### What you have to do
Pictures do not belong in the copy, so please give every entry below again exactly.

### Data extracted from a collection
■ ■ ■ ■ ■

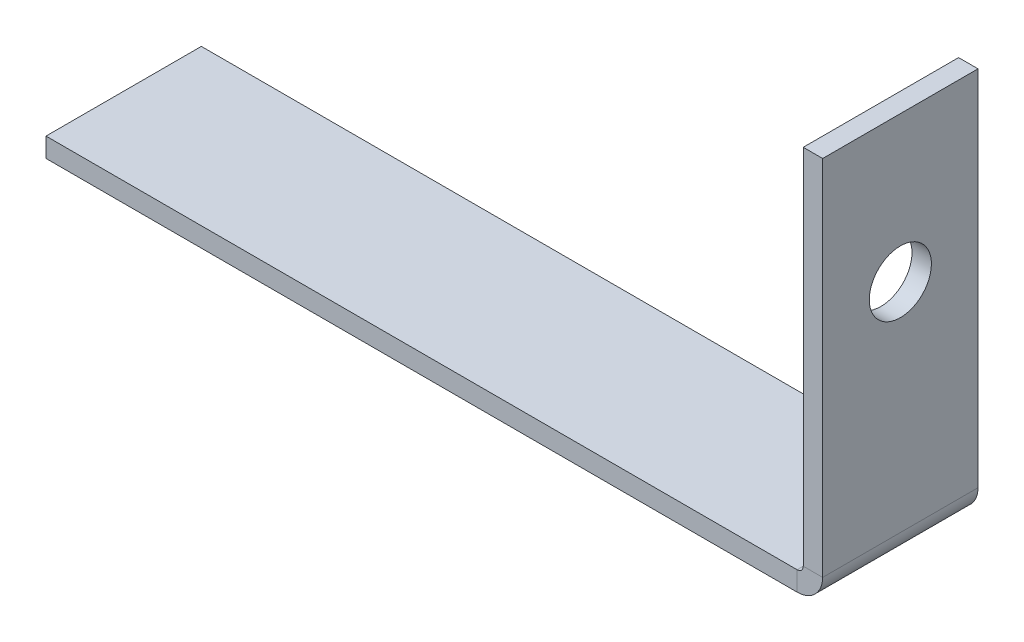
SolidWorks part; units mm, degrees
note: The reader was unsure of these and kept them because the rebuilt part matched: flange length of "Edge-Flange1".
ref_plane "Front Plane" through (0, 0, 0) normal (0, 0, 1) x (1, 0, 0)
ref_plane "Top Plane" through (0, 0, 0) normal (0, 1, 0) x (1, 0, 0)
ref_plane "Right Plane" through (0, 0, 0) normal (1, 0, 0) x (0, 0, -1)
sketch "Sketch2" plane through (0, 0, 0) normal (0, 1, 0) x (1, 0, 0)
  line L1 (0, 0) -> (127, 0)
  line L2 (0, 0) -> (0, 25.4)
  line L3 (0, 25.4) -> (127, 25.4)
  line L4 (127, 0) -> (127, 25.4)
  dimension "D1" = 127
  dimension "2in" = 25.4
base flange "Base-Flange1" sketch "Sketch2" thickness 3.175 reverse thickness direction no parameters "D1"=1
edge flange "Edge-Flange1" sketch "Sketch9" flange angle 90 flange length 63.5 flange position material inside bend radius 1 thickness 3.175 relief rectangular parameters "D6"=10
sketch "Sketch9" plane through (127, 0, 0) normal (1, 0, 0) x (0, 0, -1)
  line L2 (0, 0) -> (0, 60.325)
  line L3 (0, 60.325) -> (25.4, 60.325)
  line L4 (25.4, 60.325) -> (25.4, 0)
  line L7 (0, 0) -> (25.4, 0) construction
  line L8 (0, 0) -> (25.4, 0)
bend "EdgeBend1" bend radius 1 bend angle 90 parameters "D5"=1
sketch "Sketch10" plane through (127, 0, 0) normal (1, 0, 0) x (0, 0, -1)
  line L0 (25.4, 60.325) -> (0, 60.325) construction
  circle A0 centre (12.7, 36.5125) radius 5.08
  arc A1 (23.0592, 29.337) -> (23.0592, 43.688) centre (23.0592, 36.5125) ccw construction
  circle A2 centre (75.1316, 63.5) radius 5.08 construction
  point P5 (30.2347, 36.5125)
  point P8 (12.7, 60.325)
extrude "Cut-Extrude1" cut sketch "Sketch10" against normal up to next normal cut yes
sketch "Bend-Lines1" [suppressed] plane through (0, 0, 0) normal (0, 1, 0) x (1, 0, 0)
sketch "Bounding-Box1" [suppressed] plane through (0, 0, 0) normal (0, 1, 0) x (1, 0, 0)
sheet metal parameters "Sheet-Metal1" thickness 3.175 parameters "D1"=1
flat pattern "Flat-Pattern1" [suppressed]
sketch "Bend-Lines2" plane through (0, 0, 0) normal (0, 1, 0) x (1, 0, 0)
sketch3d "Bounding-Box2" [suppressed]
  line L0 (-133.9121, 39.4719, 0) -> (0, 39.4719, 0) construction
  line L1 (-133.9121, 0, 0) -> (0, 0, 0) construction
  line L2 (-133.9121, 39.4719, 0) -> (-133.9121, 0, 0) construction
  line L3 (0, 39.4719, 0) -> (0, 0, 0) construction
sheet metal parameters "Sheet-Metal2" thickness 3.175 parameters "D1"=1
flat pattern "Flat-Pattern1"
sketch "Bend-Lines2" plane through (0, 0, 0) normal (0, 1, 0) x (1, 0, 0)
  line L0 (124.8572, 0) -> (124.8572, 25.4) construction
  line L1 (124.8572, 0) -> (124.8572, 25.4) construction
sketch3d "Bounding-Box2" [suppressed]
  line L0 (186.2144, 25.4, 0) -> (0, 25.4, 0) construction
  line L1 (186.2144, 0, 0) -> (0, 0, 0) construction
  line L2 (186.2144, 25.4, 0) -> (186.2144, 0, 0) construction
  line L3 (0, 25.4, 0) -> (0, 0, 0) construction
bend of the flat pattern "Flatten-<EdgeBend1>1"
sheet metal parameters "Sheet-Metal3" thickness 3.175 parameters "D1"=1
flat pattern "Flat-Pattern1"
sketch "Bend-Lines2" plane through (0, 0, 0) normal (0, 1, 0) x (1, 0, 0)
  line L0 (124.8572, 0) -> (124.8572, 25.4) construction
  line L1 (124.8572, 0) -> (124.8572, 25.4) construction
sketch3d "Bounding-Box2" [suppressed]
  line L0 (186.2144, 25.4, 0) -> (0, 25.4, 0) construction
  line L1 (186.2144, 0, 0) -> (0, 0, 0) construction
  line L2 (186.2144, 25.4, 0) -> (186.2144, 0, 0) construction
  line L3 (0, 25.4, 0) -> (0, 0, 0) construction
bend of the flat pattern "Flatten-<EdgeBend1>1"

■ ■ ■ ■ ■

### Task solution
SolidWorks part; units mm, degrees
note: The reader was unsure of these and kept them because the rebuilt part matched: flange length of "Edge-Flange1".
ref_plane "Front Plane" through (0, 0, 0) normal (0, 0, 1) x (1, 0, 0)
ref_plane "Top Plane" through (0, 0, 0) normal (0, 1, 0) x (1, 0, 0)
ref_plane "Right Plane" through (0, 0, 0) normal (1, 0, 0) x (0, 0, -1)
sketch "Sketch2" plane through (0, 0, 0) normal (0, 1, 0) x (1, 0, 0)
  line L1 (0, 0) -> (127, 0)
  line L2 (0, 0) -> (0, 25.4)
  line L3 (0, 25.4) -> (127, 25.4)
  line L4 (127, 0) -> (127, 25.4)
  dimension "D1" = 127
  dimension "2in" = 25.4
base flange "Base-Flange1" sketch "Sketch2" thickness 3.175 reverse thickness direction no parameters "D1"=1
edge flange "Edge-Flange1" sketch "Sketch9" flange angle 90 flange length 63.5 flange position material inside bend radius 1 thickness 3.175 relief rectangular parameters "D6"=10
sketch "Sketch9" plane through (127, 0, 0) normal (1, 0, 0) x (0, 0, -1)
  line L2 (0, 0) -> (0, 60.325)
  line L3 (0, 60.325) -> (25.4, 60.325)
  line L4 (25.4, 60.325) -> (25.4, 0)
  line L7 (0, 0) -> (25.4, 0) construction
  line L8 (0, 0) -> (25.4, 0)
bend "EdgeBend1" bend radius 1 bend angle 90 parameters "D5"=1
sketch "Sketch10" plane through (127, 0, 0) normal (1, 0, 0) x (0, 0, -1)
  line L0 (25.4, 60.325) -> (0, 60.325) construction
  circle A0 centre (12.7, 36.5125) radius 5.08
  arc A1 (23.0592, 29.337) -> (23.0592, 43.688) centre (23.0592, 36.5125) ccw construction
  circle A2 centre (75.1316, 63.5) radius 5.08 construction
  point P5 (30.2347, 36.5125)
  point P8 (12.7, 60.325)
extrude "Cut-Extrude1" cut sketch "Sketch10" against normal up to next normal cut yes
sketch "Bend-Lines1" [suppressed] plane through (0, 0, 0) normal (0, 1, 0) x (1, 0, 0)
sketch "Bounding-Box1" [suppressed] plane through (0, 0, 0) normal (0, 1, 0) x (1, 0, 0)
sheet metal parameters "Sheet-Metal1" thickness 3.175 parameters "D1"=1
flat pattern "Flat-Pattern1" [suppressed]
sketch "Bend-Lines2" plane through (0, 0, 0) normal (0, 1, 0) x (1, 0, 0)
sketch3d "Bounding-Box2" [suppressed]
  line L0 (-133.9121, 39.4719, 0) -> (0, 39.4719, 0) construction
  line L1 (-133.9121, 0, 0) -> (0, 0, 0) construction
  line L2 (-133.9121, 39.4719, 0) -> (-133.9121, 0, 0) construction
  line L3 (0, 39.4719, 0) -> (0, 0, 0) construction
sheet metal parameters "Sheet-Metal2" thickness 3.175 parameters "D1"=1
flat pattern "Flat-Pattern1"
sketch "Bend-Lines2" plane through (0, 0, 0) normal (0, 1, 0) x (1, 0, 0)
  line L0 (124.8572, 0) -> (124.8572, 25.4) construction
  line L1 (124.8572, 0) -> (124.8572, 25.4) construction
sketch3d "Bounding-Box2" [suppressed]
  line L0 (186.2144, 25.4, 0) -> (0, 25.4, 0) construction
  line L1 (186.2144, 0, 0) -> (0, 0, 0) construction
  line L2 (186.2144, 25.4, 0) -> (186.2144, 0, 0) construction
  line L3 (0, 25.4, 0) -> (0, 0, 0) construction
bend of the flat pattern "Flatten-<EdgeBend1>1"
sheet metal parameters "Sheet-Metal3" thickness 3.175 parameters "D1"=1
flat pattern "Flat-Pattern1"
sketch "Bend-Lines2" plane through (0, 0, 0) normal (0, 1, 0) x (1, 0, 0)
  line L0 (124.8572, 0) -> (124.8572, 25.4) construction
  line L1 (124.8572, 0) -> (124.8572, 25.4) construction
sketch3d "Bounding-Box2" [suppressed]
  line L0 (186.2144, 25.4, 0) -> (0, 25.4, 0) construction
  line L1 (186.2144, 0, 0) -> (0, 0, 0) construction
  line L2 (186.2144, 25.4, 0) -> (186.2144, 0, 0) construction
  line L3 (0, 25.4, 0) -> (0, 0, 0) construction
bend of the flat pattern "Flatten-<EdgeBend1>1"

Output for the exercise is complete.